Question

for each of the following conditions, is it possible to construct two noncongruent triangles? explain why or why not. a. a triangle with angles measuring 60° and 70° and an included side of 8 in. b. a triangle with angles measuring 60° and 70° and a non - included side of 8 cm on a side of the 60° angle c. a triangle with angles measuring 30°, 70°, and 80°. a. choose the correct answer below. it is not possible, because any two triangles with these conditions are congruent by aas. it is not possible, because any two triangles with these conditions are congruent by sas. it is not possible, because any two triangles with these conditions are congruent by asa. it is possible, because the given conditions determine a unique shape but not size. b. choose the correct answer below. a. it is not possible, because any two triangles with these conditions are congruent by aas. b. it is not possible, because any two triangles with these conditions are congruent by sas. c. it is not possible, because any two triangles with these conditions are congruent by asa. d. it is possible, because the given conditions determine a unique shape but not size.

Explanation:

Step1: Recall triangle - congruence postulates

The ASA (Angle - Side - Angle) postulate states that if two angles and the included side of one triangle are congruent to two angles and the included side of another triangle, then the two triangles are congruent. In part a, we have two angles ($60^{\circ}$ and $70^{\circ}$) and their included side (8 in), so by ASA, any two triangles with these conditions are congruent.

Step2: Analyze part b

For part b, when we have two angles ($60^{\circ}$ and $70^{\circ}$) and a non - included side of 8 cm on a side of the $60^{\circ}$ angle, we can use the Law of Sines. But in this case, the given information still determines a unique triangle. The AAS (Angle - Angle - Side) postulate can be applied. Once we know two angles, the third angle is fixed ($180-(60 + 70)=50^{\circ}$), and with a non - included side given, the triangle is unique.

Step3: Analyze part c

For part c, when only the angles ($30^{\circ}$, $70^{\circ}$, and $80^{\circ}$) are given, we can construct infinitely many non - congruent similar triangles.
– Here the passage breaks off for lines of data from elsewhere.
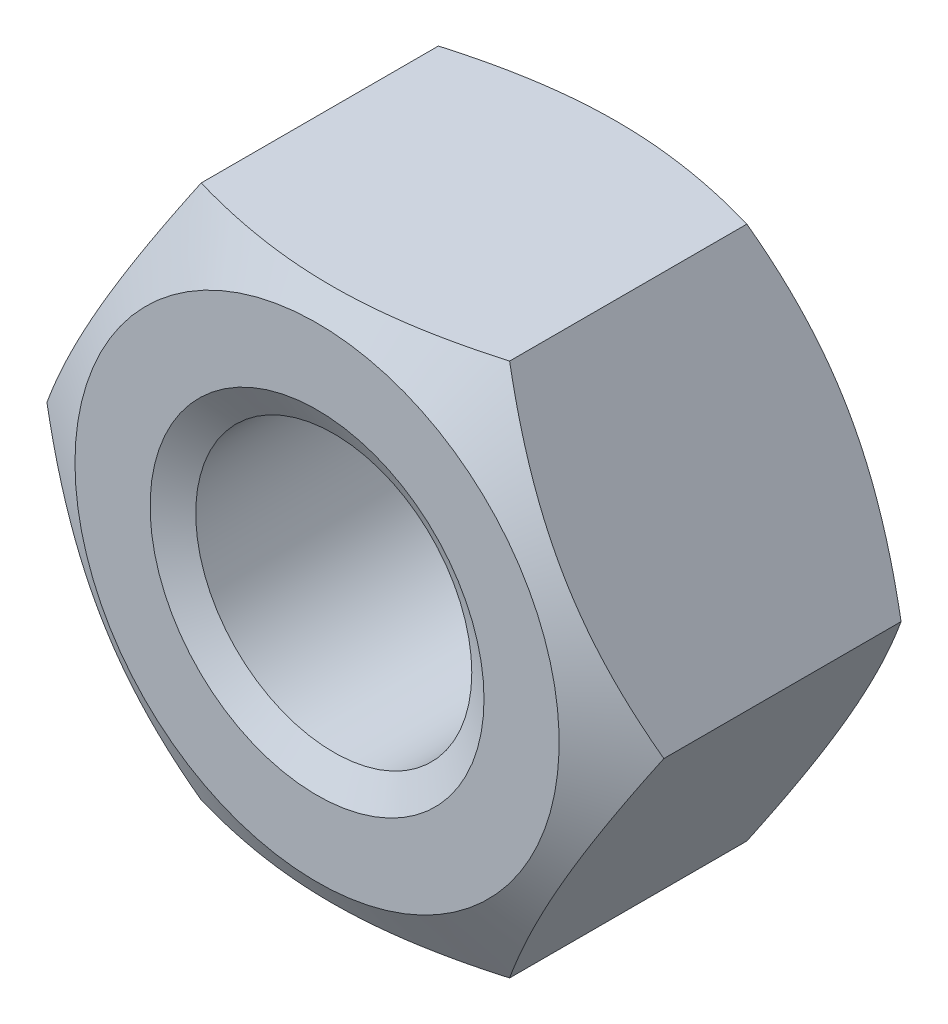
SolidWorks part; units mm, degrees
ref_plane "Front" through (0, 0, 0) normal (0, 0, 1) x (1, 0, 0)
ref_plane "Top" through (0, 0, 0) normal (0, 1, 0) x (1, 0, 0)
ref_plane "Right" through (0, 0, 0) normal (1, 0, 0) x (0, 0, -1)
sketch "Sketch1" plane through (0, 0, 0) normal (0, 0, 1) x (1, 0, 0)
  line L1 (4.6188, 0) -> (2.3094, 4)
  line L2 (2.3094, 4) -> (-2.3094, 4)
  line L3 (-2.3094, 4) -> (-4.6188, 0)
  line L4 (-4.6188, 0) -> (-2.3094, -4)
  line L5 (-2.3094, -4) -> (2.3094, -4)
  line L6 (2.3094, -4) -> (4.6188, 0)
  circle A0 centre (0, 0) radius 4 construction
  circle A1 centre (0, 0) radius 2.067
  dimension "D" = 4.134
  dimension "s" = 8
extrude "BaseNut" add sketch "Sketch1" against normal blind 4.7
cosmetic thread "ThreadCosmetic1" [suppressed] parameters "D"=5
sketch "Sketch2" plane through (0, 0, 0) normal (0, 1, 0) x (1, 0, 0)
  line L0 (-4.6188, 4.7) -> (-3.625, 4.7)
  line L2 (-3.625, 4.7) -> (-4.6188, 4.1262)
  line L3 (-4.6188, 4.1262) -> (-4.6188, 4.7)
  line L4 (0, 3.3759) -> (0, -9.8171) construction
  line L6 (-9.7712, 2.35) -> (9.8853, 2.35) construction
  line L7 (-4.6188, 0.5738) -> (-4.6188, 0)
  line L8 (-3.625, 0) -> (-4.6188, 0.5738)
  line L9 (-4.6188, 0) -> (-3.625, 0)
  dimension "D1" = 30
  dimension "dw" = 7.25
  dimension "D2" = 2.35
revolve "Double-Chamfer" cut sketch "Sketch2" angle 360 about L4
chamfer "EndChamfer" distance 0.433 angle 30 2 edges at (2.067, 0, -4.7) (2.067, 0, 0)
sketch "Sketch3" plane through (0, 0, 0) normal (0, 1, 0) x (1, 0, 0)
  line L0 (-2.442, 4.267) -> (-2.067, 4.0505)
  line L1 (-2.067, 4.0505) -> (-1.634, 4.0505)
  line L2 (-1.634, 4.0505) -> (-1.634, 4.4835)
  line L3 (-1.634, 4.4835) -> (-2.067, 4.4835)
  line L4 (-2.067, 4.4835) -> (-2.442, 4.267)
  line L5 (0, 7.4383) -> (0, 16.8806) construction
  dimension "D1" = 0.433
  dimension "D2" = 4.134
revolve "Cut-Revolve10" [suppressed] cut sketch "Sketch3" angle 360 about L5
pattern_linear "LPattern10" [suppressed] count 9 spacing 0.5196 along (0, 0, -1)
equation "\"dw@Sketch2\" = \"s@Sketch1\"-0.75"
equation "\"D2@Sketch2\" = \"m@BaseNut\" / 2"
equation "\"D2@Sketch3\" = \"D@Sketch1\""
equation "\"D1@Sketch3\" =  (\"D@ThreadCosmetic1\"   - \"D@Sketch1\")  / 2"
equation "\"D3@LPattern10\" = \"D1@Sketch3\" * 1.2"
equation "\"D1@LPattern10\" = \"m@BaseNut\"/\"D3@LPattern10\""

Since we have no side - length information, the triangles can have different sizes but the same shape.

Answer:

a. It is not possible, because any two triangles with these conditions are congruent by ASA
b. It is not possible, because any two triangles with these conditions are congruent by AAS
c. It is possible, because only angle measures are given and no side - length information, so non - congruent similar triangles can be constructed.